Pour convaincre les acheteurs asiatiques de réduire ou de cesser leurs achats de brut iranien, l’Administration aura besoin de s’armer de plus que de la seule loi BCI et du pétrole saoudien. Des responsables de haut-rang autour d’Obama devront répéter à l’envi et de façon claire que la seule alternative aux sanctions reste une frappe militaire américaine ou israélienne contre les installations nucléaires iraniennes. En d’autres termes, le choix offert devrait être : réduire/cesser l’achat de pétrole iranien pour faire suffisamment pression sur l’Iran pour qu’on puisse résoudre pacifiquement le problème qu’il pose par la menace nucléaire, ou affronter le véritable risque de voir l’approvisionnement en pétrole de l’Iran et du Golfe persique s’interrompre pour quelques temps, à la suite d’une action militaire.
Au lieu de cela, l’Administration est publiquement sortie de cette voie pour exprimer son opposition à une frappe militaire israélienne et conditionne le public américain –et, par la même occasion, l’Iran, la Chine et les autres – à ne pas s’attendre à une frappe américaine. En dépit des allégations répétées qu’il n’écarte « aucune option de la table », le Secrétaire à la Défense Léon Panetta a suivi la pratique de son prédécesseur, Robert Gates, en soulignant les risques d’une intervention militaire. A deux reprises, récemment, Panetta a insisté sur « les conséquences inattendues » d’une frappe. Il a fait la liste de cinq catégories d’entre elles, lors d’un discours, le 2 décembre, dont l’augmentation des prix du pétrole, que le Washington Post a vertement critiqué dans un éditorial intitulé : « Les mauvais signaux envoyés à Téhéran ». Panetta et Obama ont, depuis, musclé leur rhétorique, mais les dégâts étaient faits. Effectivement, l’administration n’a lancé aucun préparatif crédible, au moins de façon ouverte, telles que de grandes manœuvres militaires et des déploiements en vue d’une frappe. [Ndt : si cette remarque pouvait être criticable au début de ce mois de janvier, du fait de l'annonce d'Austere Challenge 12, depuis Obama et Panetta se sont ravisés, au prétexte des déclarations de Moshe Ya'alon à la radio, qui exposait, ni plus ni moins, que les incertitudes que l'Administration Obama faisait peser, telles qu'elles sont exposées dans cet article de Makovsky et Goldstein. Il s'agit donc bien des tendances lourdes de la politique suivie]

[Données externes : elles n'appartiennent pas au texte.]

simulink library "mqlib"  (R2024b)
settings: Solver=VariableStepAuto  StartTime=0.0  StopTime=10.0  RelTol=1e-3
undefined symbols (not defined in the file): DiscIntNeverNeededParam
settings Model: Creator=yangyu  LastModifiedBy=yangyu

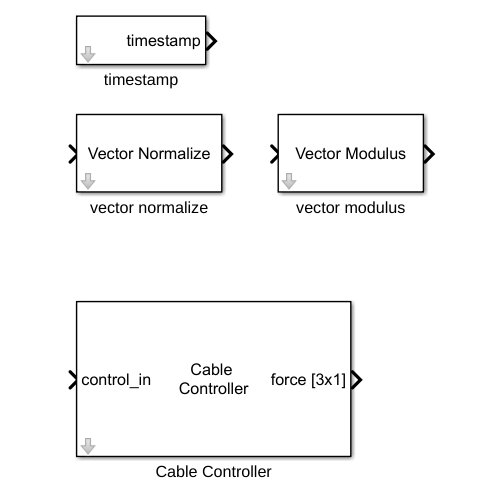
[thumbnail: Simulink's stored preview of the top-level diagram]
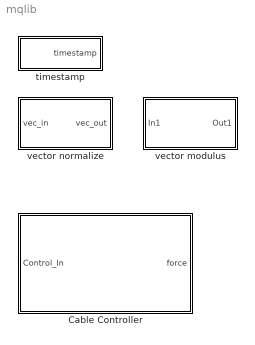
== system mqlib ==
  Cable Controller : Subsystem  mask{Kq=0, Kw=0, mi=0, li=0}
      mask DialogControl DescGroupVar Prompt: Cable Controller
      mask Display:
      | disp('Cable \nController');
      | 
      | port_label('input', 1, 'control_in');
      | port_label('output', 1, 'force [3x1]');
  timestamp : Subsystem
      mask DialogControl DescGroupVar Prompt: Timestamp
      mask DialogControl DescTextVar Prompt: Get the current system timestamp.
      mask Display: port_label('output', 1, 'timestamp');
  vector modulus : Subsystem
      mask Display: disp('Vector Modulus')
  vector normalize : Subsystem
      mask Display: disp('Vector Normalize');

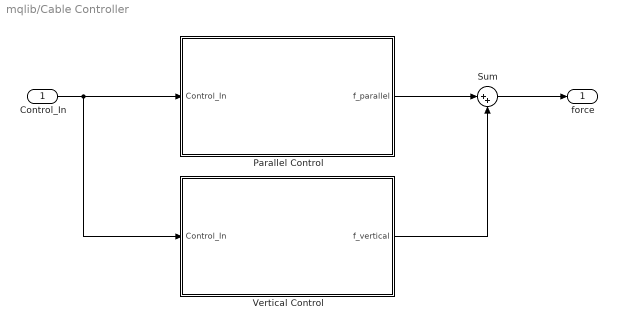
== system mqlib/Cable Controller ==
  Control_In : Inport  OutDataTypeStr=Bus: Control_In_Bus
  Parallel Control : Subsystem
  Sum : Sum  Inputs=|++
  Vertical Control : Subsystem
  force : Outport
  wires:
  Control_In/1 -> Vertical Control/1(Control_In), Parallel Control/1(Control_In)
  Vertical Control/1(f_vertical) -> Sum/2
  Parallel Control/1(f_parallel) -> Sum/1
  Sum/1 -> force/1

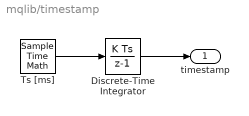
== system mqlib/timestamp ==
  Discrete-Time Integrator : DiscreteIntegrator  SampleTime=-1  OutDataTypeStr=Inherit: Inherit via back propagation  ICPrevOutput=DiscIntNeverNeededParam  ICPrevScaledInput=DiscIntNeverNeededParam
  Ts [ms] : SampleTimeMath  TsampMathOp=Ts Only  weightValue=1000  OutDataTypeStr=Inherit: Inherit via back propagation
  timestamp : Outport
  wires:
  Discrete-Time Integrator/1 -> timestamp/1
  Ts [ms]/1 -> Discrete-Time Integrator/1

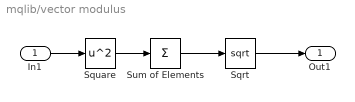
== system mqlib/vector modulus ==
  In1 : Inport
  Sqrt : Sqrt
  Square : Math  Operator=square
  Sum of Elements : Sum  Inputs=+
  Out1 : Outport
  wires:
  In1/1 -> Square/1
  Square/1 -> Sum of Elements/1
  Sum of Elements/1 -> Sqrt/1
  Sqrt/1 -> Out1/1

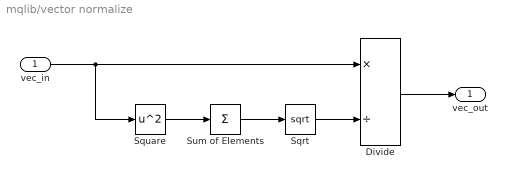
== system mqlib/vector normalize ==
  vec_in : Inport
  Divide : Product  Inputs=*/
  Sqrt : Sqrt
  Square : Math  Operator=square
  Sum of Elements : Sum  Inputs=+
  vec_out : Outport
  wires:
  Square/1 -> Sum of Elements/1
  Sum of Elements/1 -> Sqrt/1
  vec_in/1 -> Divide/1, Square/1
  Sqrt/1 -> Divide/2
  Divide/1 -> vec_out/1

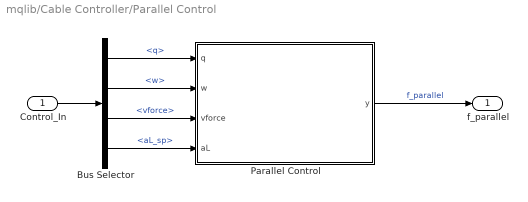
== system mqlib/Cable Controller/Parallel Control ==
  Control_In : Inport
  Bus Selector : BusSelector  OutputSignals=q,w,vforce,aL_sp
  Parallel Control : MATLAB Function  TreatAsAtomicUnit=on  mask{mi=mi, li=li}
  f_parallel : Outport
  wires:
  Bus Selector/4 -> Parallel Control/4(aL)  "<aL_sp>"
  Bus Selector/2 -> Parallel Control/2(w)  "<w>"
  Bus Selector/1 -> Parallel Control/1(q)  "<q>"
  Bus Selector/3 -> Parallel Control/3(vforce)  "<vforce>"
  Parallel Control/1(y) -> f_parallel/1  "f_parallel"
  Control_In/1 -> Bus Selector/1

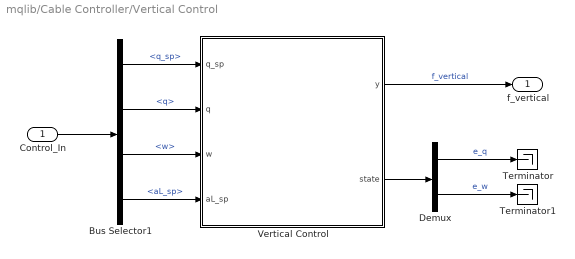
== system mqlib/Cable Controller/Vertical Control ==
  Control_In : Inport
  Bus Selector1 : BusSelector  OutputSignals=q_sp,q,w,aL_sp
  Demux : Demux  Outputs=2
  Terminator : Terminator
  Terminator1 : Terminator
  Vertical Control : MATLAB Function  TreatAsAtomicUnit=on  mask{mi=mi, li=li, Kq=Kq, Kw=Kw}
  f_vertical : Outport
  wires:
  Bus Selector1/1 -> Vertical Control/1(q_sp)  "<q_sp>"
  Bus Selector1/2 -> Vertical Control/2(q)  "<q>"
  Control_In/1 -> Bus Selector1/1
  Vertical Control/1(y) -> f_vertical/1  "f_vertical"
  Bus Selector1/3 -> Vertical Control/3(w)  "<w>"
  Bus Selector1/4 -> Vertical Control/4(aL_sp)  "<aL_sp>"
  Vertical Control/2(state) -> Demux/1
  Demux/1 -> Terminator/1  "e_q"
  Demux/2 -> Terminator1/1  "e_w"

== matlab function mqlib/Cable Controller/Parallel Control/Parallel Control ==
  data: q input; y output; w input; vforce input; aL input; mi parameter; li parameter
function y = fcn(q, w, vforce, aL, mi, li)

y = vforce * q + mi * li * (norm(w) ^ 2) * q + mi * q * q' * aL;

== matlab function mqlib/Cable Controller/Vertical Control/Vertical Control ==
  data: q_sp input; q input; w input; y output; aL_sp input; mi parameter; li parameter; Kq parameter; Kw parameter; state output
function [y, state] = fcn(q_sp, q, w, aL_sp, mi, li, Kq, Kw)
%% control law
Sqi = [0 -q(3) q(2); q(3) 0 -q(1); -q(2) q(1) 0];
e_q = cross(q_sp, q);
w_sp = -Kq * e_q;
e_w = w + Sqi * Sqi * w_sp;
y = mi * li * Sqi * (-Kw * e_w - Sqi * Sqi * w_sp) - mi * Sqi * Sqi * aL_sp;
%% record
state = [e_q; e_w] ;

Ainsi, aussi longtemps que l’Administration continue de déroger publiquement à l’option militaire contre l’Iran, les sanctions BCI resteront probablement insuffisantes. En évitant publiquement l’option militaire, menée par Israël ou/et les Etats-Unis, l’Administration a réduit les chances que les sanctions BCI puissent marcher et a rendu, par inadvertance, la guerre plus, et non moins, probable.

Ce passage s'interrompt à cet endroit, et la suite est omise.